*Exercise details*: After removing every image, reproduce the data exactly as it appears.

[Dataset records]
BEGIN

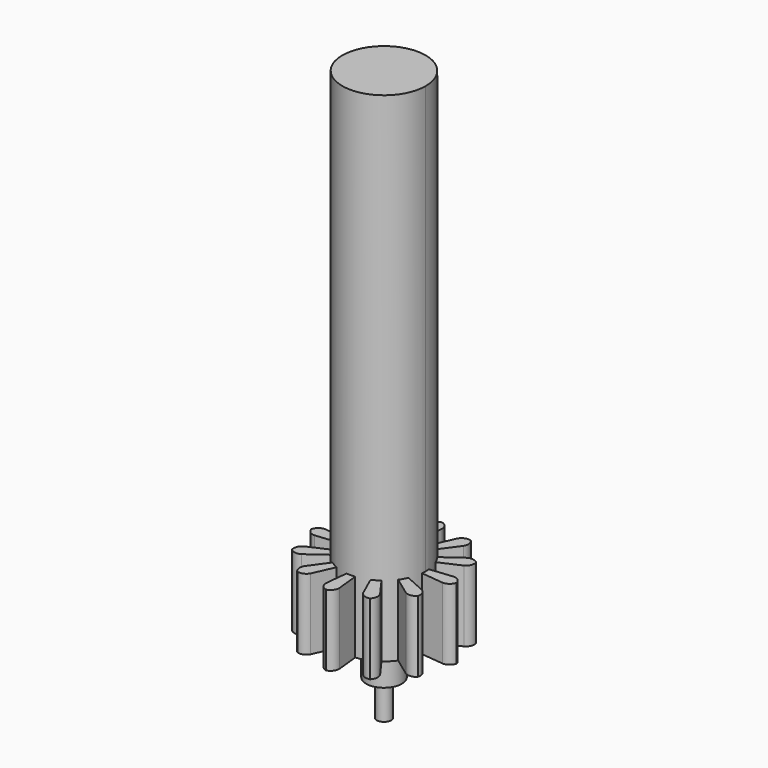
from build123d import *

# Parameters (mm, degrees)
F1_DEPTH        = 1
F1_COPIES_COUNT = 12
F3_DEPTH        = 7
F5_R            = 0.25
F6_DEPTH        = 0.5
F7_R            = 0.1
F8_DEPTH        = 0.5


# Not quite as in the source:
# - a feature of the source that left no trace in its solid (it failed there, or was rolled back) is left out
# - a pattern or mirror of a feature is missing from the dataset's text; its kind, count and spacing are read off the source's solid


with BuildPart() as f1:
    # F0 (on Top) → F1 (new body)
    with BuildSketch(Plane.XY):
        with BuildLine():
            ThreePointArc((0, 1.02075), (-0.0679119016, 0.9767079981), (-0.09375, 0.9))
            Line((-0.09375, 0.9), (-0.0606095593, 0.5818517692))
            ThreePointArc((-0.0606095593, 0.5818517692), (0, 0.585), (0.0606095593, 0.5818517692))
            Line((0.0606095593, 0.5818517692), (0.09375, 0.9))
            ThreePointArc((0.09375, 0.9), (0.0679119016, 0.9767079981), (0, 1.02075))
        make_face()
    extrude(amount=F1_DEPTH)


with BuildPart() as f1_copies_1:
    # F1_copies: instance of F1
    add(f1.part.rotate(Axis((0, 0, 0), (0, 0, 1)), 1 * 360 / F1_COPIES_COUNT))


with BuildPart() as f1_copies_2:
    # F1_copies: instance of F1
    add(f1.part.rotate(Axis((0, 0, 0), (0, 0, 1)), 2 * 360 / F1_COPIES_COUNT))


with BuildPart() as f1_copies_3:
    # F1_copies: instance of F1
    add(f1.part.rotate(Axis((0, 0, 0), (0, 0, 1)), 3 * 360 / F1_COPIES_COUNT))


with BuildPart() as f1_copies_4:
    # F1_copies: instance of F1
    add(f1.part.rotate(Axis((0, 0, 0), (0, 0, 1)), 4 * 360 / F1_COPIES_COUNT))


with BuildPart() as f1_copies_5:
    # F1_copies: instance of F1
    add(f1.part.rotate(Axis((0, 0, 0), (0, 0, 1)), 5 * 360 / F1_COPIES_COUNT))


with BuildPart() as f1_copies_6:
    # F1_copies: instance of F1
    add(f1.part.rotate(Axis((0, 0, 0), (0, 0, 1)), 6 * 360 / F1_COPIES_COUNT))


with BuildPart() as f1_copies_7:
    # F1_copies: instance of F1
    add(f1.part.rotate(Axis((0, 0, 0), (0, 0, 1)), 7 * 360 / F1_COPIES_COUNT))


with BuildPart() as f1_copies_8:
    # F1_copies: instance of F1
    add(f1.part.rotate(Axis((0, 0, 0), (0, 0, 1)), 8 * 360 / F1_COPIES_COUNT))


with BuildPart() as f1_copies_9:
    # F1_copies: instance of F1
    add(f1.part.rotate(Axis((0, 0, 0), (0, 0, 1)), 9 * 360 / F1_COPIES_COUNT))


with BuildPart() as f1_copies_10:
    # F1_copies: instance of F1
    add(f1.part.rotate(Axis((0, 0, 0), (0, 0, 1)), 10 * 360 / F1_COPIES_COUNT))


with BuildPart() as f1_copies_11:
    # F1_copies: instance of F1
    add(f1.part.rotate(Axis((0, 0, 0), (0, 0, 1)), 11 * 360 / F1_COPIES_COUNT))


with BuildPart() as f1_1:
    add(f1.part)

    add(f1_copies_1.part)  # F3 merges F1_copies_1

    add(f1_copies_2.part)  # F3 merges F1_copies_2

    add(f1_copies_3.part)  # F3 merges F1_copies_3

    add(f1_copies_4.part)  # F3 merges F1_copies_4

    add(f1_copies_5.part)  # F3 merges F1_copies_5

    add(f1_copies_6.part)  # F3 merges F1_copies_6

    add(f1_copies_7.part)  # F3 merges F1_copies_7

    add(f1_copies_8.part)  # F3 merges F1_copies_8

    add(f1_copies_9.part)  # F3 merges F1_copies_9

    add(f1_copies_10.part)  # F3 merges F1_copies_10

    add(f1_copies_11.part)  # F3 merges F1_copies_11
    # F0 (on Top) → F3 (join)
    with BuildSketch(Plane.XY):
        with BuildLine():
            ThreePointArc((0.0606095593, 0.5818517692), (0, 0.585), (-0.0606095593, 0.5818517692))
            ThreePointArc((-0.0606095593, 0.5818517692), (-0.3916429546, -0.4345581619), (0.585, 0))
            ThreePointArc((0.585, 0), (0.4345581619, 0.3916429546), (0.0606095593, 0.5818517692))
        make_face()
    extrude(amount=F3_DEPTH)

    # F4: union 

    # F5 (on face) → F6 (join)
    with BuildSketch(Plane(origin=(0, 0, 0), x_dir=(1, 0, 0), z_dir=(0, 0, -1))):
        Circle(F5_R)
    extrude(amount=F6_DEPTH)

    # F7 (on face) → F8 (join)
    with BuildSketch(Plane(origin=(0, 0, -0.5), x_dir=(1, 0, 0), z_dir=(0, 0, -1))):
        Circle(F7_R)
    extrude(amount=F8_DEPTH)


solid = f1_1.part

END

*Exercise result*:
from build123d import *

# Parameters (mm, degrees)
F1_DEPTH        = 1
F1_COPIES_COUNT = 12
F3_DEPTH        = 7
F5_R            = 0.25
F6_DEPTH        = 0.5
F7_R            = 0.1
F8_DEPTH        = 0.5


# Not quite as in the source:
# - a feature of the source that left no trace in its solid (it failed there, or was rolled back) is left out
# - a pattern or mirror of a feature is missing from the dataset's text; its kind, count and spacing are read off the source's solid


with BuildPart() as f1:
    # F0 (on Top) → F1 (new body)
    with BuildSketch(Plane.XY):
        with BuildLine():
            ThreePointArc((0, 1.02075), (-0.0679119016, 0.9767079981), (-0.09375, 0.9))
            Line((-0.09375, 0.9), (-0.0606095593, 0.5818517692))
            ThreePointArc((-0.0606095593, 0.5818517692), (0, 0.585), (0.0606095593, 0.5818517692))
            Line((0.0606095593, 0.5818517692), (0.09375, 0.9))
            ThreePointArc((0.09375, 0.9), (0.0679119016, 0.9767079981), (0, 1.02075))
        make_face()
    extrude(amount=F1_DEPTH)


with BuildPart() as f1_copies_1:
    # F1_copies: instance of F1
    add(f1.part.rotate(Axis((0, 0, 0), (0, 0, 1)), 1 * 360 / F1_COPIES_COUNT))


with BuildPart() as f1_copies_2:
    # F1_copies: instance of F1
    add(f1.part.rotate(Axis((0, 0, 0), (0, 0, 1)), 2 * 360 / F1_COPIES_COUNT))


with BuildPart() as f1_copies_3:
    # F1_copies: instance of F1
    add(f1.part.rotate(Axis((0, 0, 0), (0, 0, 1)), 3 * 360 / F1_COPIES_COUNT))


with BuildPart() as f1_copies_4:
    # F1_copies: instance of F1
    add(f1.part.rotate(Axis((0, 0, 0), (0, 0, 1)), 4 * 360 / F1_COPIES_COUNT))


with BuildPart() as f1_copies_5:
    # F1_copies: instance of F1
    add(f1.part.rotate(Axis((0, 0, 0), (0, 0, 1)), 5 * 360 / F1_COPIES_COUNT))


with BuildPart() as f1_copies_6:
    # F1_copies: instance of F1
    add(f1.part.rotate(Axis((0, 0, 0), (0, 0, 1)), 6 * 360 / F1_COPIES_COUNT))


with BuildPart() as f1_copies_7:
    # F1_copies: instance of F1
    add(f1.part.rotate(Axis((0, 0, 0), (0, 0, 1)), 7 * 360 / F1_COPIES_COUNT))


with BuildPart() as f1_copies_8:
    # F1_copies: instance of F1
    add(f1.part.rotate(Axis((0, 0, 0), (0, 0, 1)), 8 * 360 / F1_COPIES_COUNT))


with BuildPart() as f1_copies_9:
    # F1_copies: instance of F1
    add(f1.part.rotate(Axis((0, 0, 0), (0, 0, 1)), 9 * 360 / F1_COPIES_COUNT))


with BuildPart() as f1_copies_10:
    # F1_copies: instance of F1
    add(f1.part.rotate(Axis((0, 0, 0), (0, 0, 1)), 10 * 360 / F1_COPIES_COUNT))


with BuildPart() as f1_copies_11:
    # F1_copies: instance of F1
    add(f1.part.rotate(Axis((0, 0, 0), (0, 0, 1)), 11 * 360 / F1_COPIES_COUNT))


with BuildPart() as f1_1:
    add(f1.part)

    add(f1_copies_1.part)  # F3 merges F1_copies_1

    add(f1_copies_2.part)  # F3 merges F1_copies_2

    add(f1_copies_3.part)  # F3 merges F1_copies_3

    add(f1_copies_4.part)  # F3 merges F1_copies_4

    add(f1_copies_5.part)  # F3 merges F1_copies_5

    add(f1_copies_6.part)  # F3 merges F1_copies_6

    add(f1_copies_7.part)  # F3 merges F1_copies_7

    add(f1_copies_8.part)  # F3 merges F1_copies_8

    add(f1_copies_9.part)  # F3 merges F1_copies_9

    add(f1_copies_10.part)  # F3 merges F1_copies_10

    add(f1_copies_11.part)  # F3 merges F1_copies_11
    # F0 (on Top) → F3 (join)
    with BuildSketch(Plane.XY):
        with BuildLine():
            ThreePointArc((0.0606095593, 0.5818517692), (0, 0.585), (-0.0606095593, 0.5818517692))
            ThreePointArc((-0.0606095593, 0.5818517692), (-0.3916429546, -0.4345581619), (0.585, 0))
            ThreePointArc((0.585, 0), (0.4345581619, 0.3916429546), (0.0606095593, 0.5818517692))
        make_face()
    extrude(amount=F3_DEPTH)

    # F4: union 

    # F5 (on face) → F6 (join)
    with BuildSketch(Plane(origin=(0, 0, 0), x_dir=(1, 0, 0), z_dir=(0, 0, -1))):
        Circle(F5_R)
    extrude(amount=F6_DEPTH)

    # F7 (on face) → F8 (join)
    with BuildSketch(Plane(origin=(0, 0, -0.5), x_dir=(1, 0, 0), z_dir=(0, 0, -1))):
        Circle(F7_R)
    extrude(amount=F8_DEPTH)


solid = f1_1.part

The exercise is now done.